Abstract

Objective: Primary aldosteronism (PA) is the most frequent form of secondary hypertension and bilateral adrenal hyperplasia (BAH) is the most common PA subtype. The molecular mechanisms responsible for the development of BAH are still unknown, but the bilateral involvement of the adrenal glands suggests a potential predisposing genetic defect. Heterozygous germline mutations of armadillo repeat containing 5 (ARMC5) cause hypercortisolism due to sporadic primary bilateral macronodular adrenal hyperplasia and have been also observed in African-American patients affected by PA. We investigated the presence of germline ARMC5 mutations in a cohort of PA patients who had bilateral adrenal alterations detectable at CT-scanning.

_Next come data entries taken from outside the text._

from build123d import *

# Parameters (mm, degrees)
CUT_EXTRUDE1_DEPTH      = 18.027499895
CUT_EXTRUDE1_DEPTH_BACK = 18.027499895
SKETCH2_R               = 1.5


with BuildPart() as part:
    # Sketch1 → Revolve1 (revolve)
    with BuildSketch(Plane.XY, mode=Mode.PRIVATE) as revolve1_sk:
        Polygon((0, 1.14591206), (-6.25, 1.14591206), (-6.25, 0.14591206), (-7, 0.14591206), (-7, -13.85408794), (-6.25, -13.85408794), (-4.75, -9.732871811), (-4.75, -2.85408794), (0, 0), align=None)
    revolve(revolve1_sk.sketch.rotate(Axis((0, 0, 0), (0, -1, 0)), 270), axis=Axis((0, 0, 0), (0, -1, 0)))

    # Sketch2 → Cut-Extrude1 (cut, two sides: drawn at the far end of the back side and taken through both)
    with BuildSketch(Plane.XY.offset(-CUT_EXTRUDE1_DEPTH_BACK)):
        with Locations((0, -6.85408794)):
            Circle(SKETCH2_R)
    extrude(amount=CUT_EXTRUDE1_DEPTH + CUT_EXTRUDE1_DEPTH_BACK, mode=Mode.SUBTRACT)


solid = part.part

Design and method: We retrospectively assessed 39 consecutive patients with PA (25 males and 14 females) at the Division of Internal Medicine and Hypertension Unit of the University of Torino between 2010 and 2014. All patients had bilateral alterations of the adrenals at CT-scanning. Results: Thirty-nine PA patients (37 Caucasians and 2 black Africans; 8 unilateral, 27 bilateral and 4 undetermined subtype) with bilateral adrenal lesions were included in the study. The entire coding region of ARMC5 and all intron/exon boundaries were succesfully sequenced in all 39 patients; we identified 11 common variants, 5 rare variants with a minor allele frequency <1% and 2 new variants not previously reported in public databases. We did not detect by in silico analysis any ARMC5 sequence variations that were predicted to alter protein function. Conclusions: To conclude, ARMC5 mutations are not present in a fairly large series of Caucasian patients with PA and bilateral adrenal lesions. Further studies are warranted to definitively clarify the involvement of ARMC5 in the pathogenesis of adrenal nodules and aldosterone excess in PA patients.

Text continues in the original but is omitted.